“Network analysis and visualization tools are among the many creative outlets that have sprung up in the Mathematics, Statistics, and Computer Science Department over the last two years.” –Professor Andrew Beveridge
Game of Thrones, HBO’s smash fantasy hit, opened season six with more than 10 million legal viewers. (No one knows how many additional people watched pirated versions.) This spring, a mathematical analysis that originated as a student’s senior capstone grabbed fans’ attention and spread like wildfire.
The project began in fall 2013 when Jie Shan ’14 came to mathematics professor Andrew Beveridge with a proposal to apply network science to Game of Thrones. Beveridge thought it was “a simple but brilliant idea: create a network by connecting characters whenever their names appear within 15 words of one another in the book.”
While most fiction is protagonist-driven, Game of Thrones is an ensemble show with multiple interwoven narratives. This project used the structure of the web of interactions to identify the central character.

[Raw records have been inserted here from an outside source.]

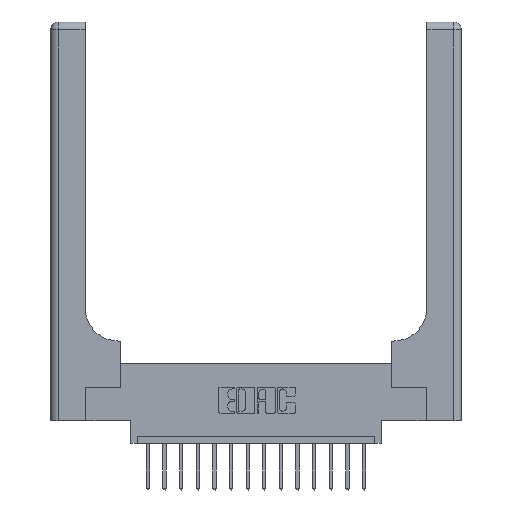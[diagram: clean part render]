
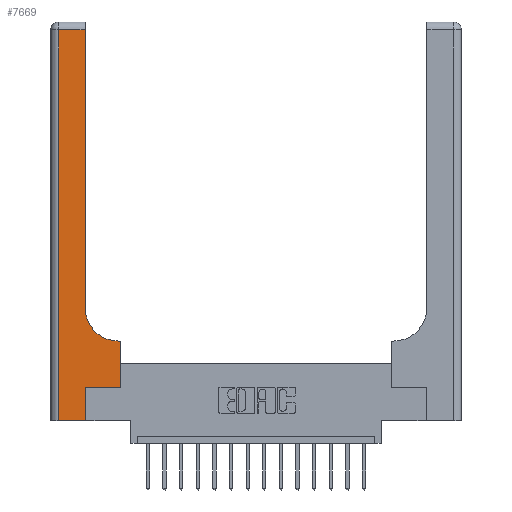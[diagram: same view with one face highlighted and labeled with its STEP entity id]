
A CAD part, top view. The second image highlights one B-rep face of the part: STEP entity #7669.
In plain terms, the highlighted planar face has unit normal (0, 0, 1).
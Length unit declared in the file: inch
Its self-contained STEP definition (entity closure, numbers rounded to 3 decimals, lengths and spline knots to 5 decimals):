
#184 = DIRECTION ( 'NONE',  ( 0., 1., 0. ) ) ;
#262 = PLANE ( 'NONE',  #16996 ) ;
#264 = CARTESIAN_POINT ( 'NONE',  ( 0.265, 0.25, 0.37 ) ) ;
#519 = DIRECTION ( 'NONE',  ( -1., 0., 0. ) ) ;
#565 = CARTESIAN_POINT ( 'NONE',  ( 0.06, 2.94, 0.37 ) ) ;
#640 = CARTESIAN_POINT ( 'NONE',  ( 0.265, 0., 0.37 ) ) ;
#1291 = VERTEX_POINT ( 'NONE', #8043 ) ;
#1360 = CARTESIAN_POINT ( 'NONE',  ( 0.528, 0.6, 0.37 ) ) ;
#1486 = VERTEX_POINT ( 'NONE', #1360 ) ;
#1727 = CARTESIAN_POINT ( 'NONE',  ( 0.265, 0., 0.37 ) ) ;
#1753 = DIRECTION ( 'NONE',  ( 0., 0., -1. ) ) ;
#1779 = EDGE_CURVE ( 'NONE', #1291, #14381, #5670, .T. ) ;
#2530 = DIRECTION ( 'NONE',  ( 0., -1., 0. ) ) ;
#2820 = CARTESIAN_POINT ( 'NONE',  ( 0.51, 0.6, 0.37 ) ) ;
#3065 = EDGE_CURVE ( 'NONE', #15263, #1291, #15735, .T. ) ;
#3156 = DIRECTION ( 'NONE',  ( -1., 0., 0. ) ) ;
#3435 = VECTOR ( 'NONE', #15983, 39.37008 ) ;
#3654 = DIRECTION ( 'NONE',  ( 0., 1., 0. ) ) ;
#3787 = ORIENTED_EDGE ( 'NONE', *, *, #17154, .T. ) ;
#4241 = CARTESIAN_POINT ( 'NONE',  ( 0.26, 0.85, 0.37 ) ) ;
#4252 = ORIENTED_EDGE ( 'NONE', *, *, #8919, .T. ) ;
#4529 = EDGE_CURVE ( 'NONE', #5232, #1486, #8416, .T. ) ;
#4623 = CARTESIAN_POINT ( 'NONE',  ( 0.26, 0.6, 0.37 ) ) ;
#4733 = LINE ( 'NONE', #264, #16343 ) ;
#5186 = VERTEX_POINT ( 'NONE', #2820 ) ;
#5232 = VERTEX_POINT ( 'NONE', #7346 ) ;
#5452 = EDGE_CURVE ( 'NONE', #17787, #5232, #4733, .T. ) ;
#5670 = LINE ( 'NONE', #10124, #10250 ) ;
#5765 = ORIENTED_EDGE ( 'NONE', *, *, #3065, .T. ) ;
#5928 = CIRCLE ( 'NONE', #16234, 0.25 ) ;
#5955 = DIRECTION ( 'NONE',  ( 1., 0., 0. ) ) ;
#6029 = EDGE_CURVE ( 'NONE', #6401, #17520, #9038, .T. ) ;
#6217 = VECTOR ( 'NONE', #5955, 39.37008 ) ;
#6354 = DIRECTION ( 'NONE',  ( 1., 0., 0. ) ) ;
#6394 = CARTESIAN_POINT ( 'NONE',  ( 0.528, 0.25, 0.37 ) ) ;
#6401 = VERTEX_POINT ( 'NONE', #6609 ) ;
#6609 = CARTESIAN_POINT ( 'NONE',  ( 0.06, 0., 0.37 ) ) ;
#7346 = CARTESIAN_POINT ( 'NONE',  ( 0.528, 0.25, 0.37 ) ) ;
#7669 = ADVANCED_FACE ( 'NONE', ( #10928 ), #262, .F. ) ;
#7792 = ORIENTED_EDGE ( 'NONE', *, *, #17383, .T. ) ;
#8043 = CARTESIAN_POINT ( 'NONE',  ( 0.26, 2.94, 0.37 ) ) ;
#8102 = VECTOR ( 'NONE', #184, 39.37008 ) ;
#8416 = LINE ( 'NONE', #6394, #3435 ) ;
#8865 = LINE ( 'NONE', #4623, #11835 ) ;
#8919 = EDGE_CURVE ( 'NONE', #1486, #5186, #8865, .T. ) ;
#8965 = CARTESIAN_POINT ( 'NONE',  ( 0.26, 3., 0.37 ) ) ;
#9038 = LINE ( 'NONE', #10098, #6217 ) ;
#10065 = CARTESIAN_POINT ( 'NONE',  ( 0., 3., 0.37 ) ) ;
#10098 = CARTESIAN_POINT ( 'NONE',  ( 0., 0., 0.37 ) ) ;
#10124 = CARTESIAN_POINT ( 'NONE',  ( 0., 2.94, 0.37 ) ) ;
#10250 = VECTOR ( 'NONE', #16977, 39.37008 ) ;
#10301 = VECTOR ( 'NONE', #2530, 39.37008 ) ;
#10516 = ORIENTED_EDGE ( 'NONE', *, *, #12670, .T. ) ;
#10827 = CARTESIAN_POINT ( 'NONE',  ( 0.06, 3., 0.37 ) ) ;
#10928 = FACE_OUTER_BOUND ( 'NONE', #16766, .T. ) ;
#11023 = ORIENTED_EDGE ( 'NONE', *, *, #6029, .T. ) ;
#11835 = VECTOR ( 'NONE', #519, 39.37008 ) ;
#12092 = VECTOR ( 'NONE', #3654, 39.37008 ) ;
#12476 = ORIENTED_EDGE ( 'NONE', *, *, #4529, .T. ) ;
#12670 = EDGE_CURVE ( 'NONE', #5186, #15263, #5928, .T. ) ;
#14381 = VERTEX_POINT ( 'NONE', #565 ) ;
#14753 = LINE ( 'NONE', #10827, #10301 ) ;
#15263 = VERTEX_POINT ( 'NONE', #4241 ) ;
#15735 = LINE ( 'NONE', #8965, #12092 ) ;
#15857 = DIRECTION ( 'NONE',  ( 0., 0., -1. ) ) ;
#15983 = DIRECTION ( 'NONE',  ( 0., 1., 0. ) ) ;
#16234 = AXIS2_PLACEMENT_3D ( 'NONE', #17249, #15857, #17304 ) ;
#16281 = CARTESIAN_POINT ( 'NONE',  ( 0.265, 0.25, 0.37 ) ) ;
#16343 = VECTOR ( 'NONE', #6354, 39.37008 ) ;
#16664 = ORIENTED_EDGE ( 'NONE', *, *, #5452, .T. ) ;
#16766 = EDGE_LOOP ( 'NONE', ( #5765, #16930, #3787, #11023, #7792, #16664, #12476, #4252, #10516 ) ) ;
#16889 = LINE ( 'NONE', #1727, #8102 ) ;
#16930 = ORIENTED_EDGE ( 'NONE', *, *, #1779, .T. ) ;
#16977 = DIRECTION ( 'NONE',  ( -1., 0., 0. ) ) ;
#16996 = AXIS2_PLACEMENT_3D ( 'NONE', #10065, #1753, #3156 ) ;
#17154 = EDGE_CURVE ( 'NONE', #14381, #6401, #14753, .T. ) ;
#17249 = CARTESIAN_POINT ( 'NONE',  ( 0.51, 0.85, 0.37 ) ) ;
#17304 = DIRECTION ( 'NONE',  ( 1., 0., 0. ) ) ;
#17383 = EDGE_CURVE ( 'NONE', #17520, #17787, #16889, .T. ) ;
#17520 = VERTEX_POINT ( 'NONE', #640 ) ;
#17787 = VERTEX_POINT ( 'NONE', #16281 ) ;

Shan’s capstone was a great success, and Beveridge and Shan, now at Microsoft, rekindled their collaboration, improved the analysis, and published an article in Math Horizons, a magazine of the Mathematical Association of America. Their conclusion: Tyrion was the most important player in the Game of Thrones.
Their article quickly spread across the internet, first at Quartz, and then quickly followed by stories at Popular Science, the Huffington Post, Good Morning America, National Public Radio, the AV Club, Entertainment Weekly, the UK’s The Telegraph and hundreds of other tech and entertainment media.
“Jie and I were as surprised as anyone that this paper took off like it did,” says Beveridge. “It was cool when international students at Mac would send me links to stories in their home countries. It’s fun to have started a conversation where people enjoyed talking about the power of mathematics.”
Beveridge brought on four additional students to create networks for the rest of the Game of Thrones series: Ruthie Berman ’17, Brooke Boatman ’16, Rebecca Gold ’16, and Ari Weiland ’16.
Network science at Macalester is part of the new Data Science program, which involves mathematical techniques, computer science skills and specialized domain knowledge in a field of interest.
“Data scientists are in high demand right now,” notes Beveridge, “and our Data Science minor is one of the first of its kind at a liberal arts college.
Also, “There is big appetite at Mac for extracurricular data science opportunities,” says Beveridge. “Network analysis and visualization tools are among the many creative outlets that have sprung up in the Mathematics, Statistics, and Computer Science Department over the last two years. What’s amazing is that most of these initiatives are student driven—which is how this project started in the first place.”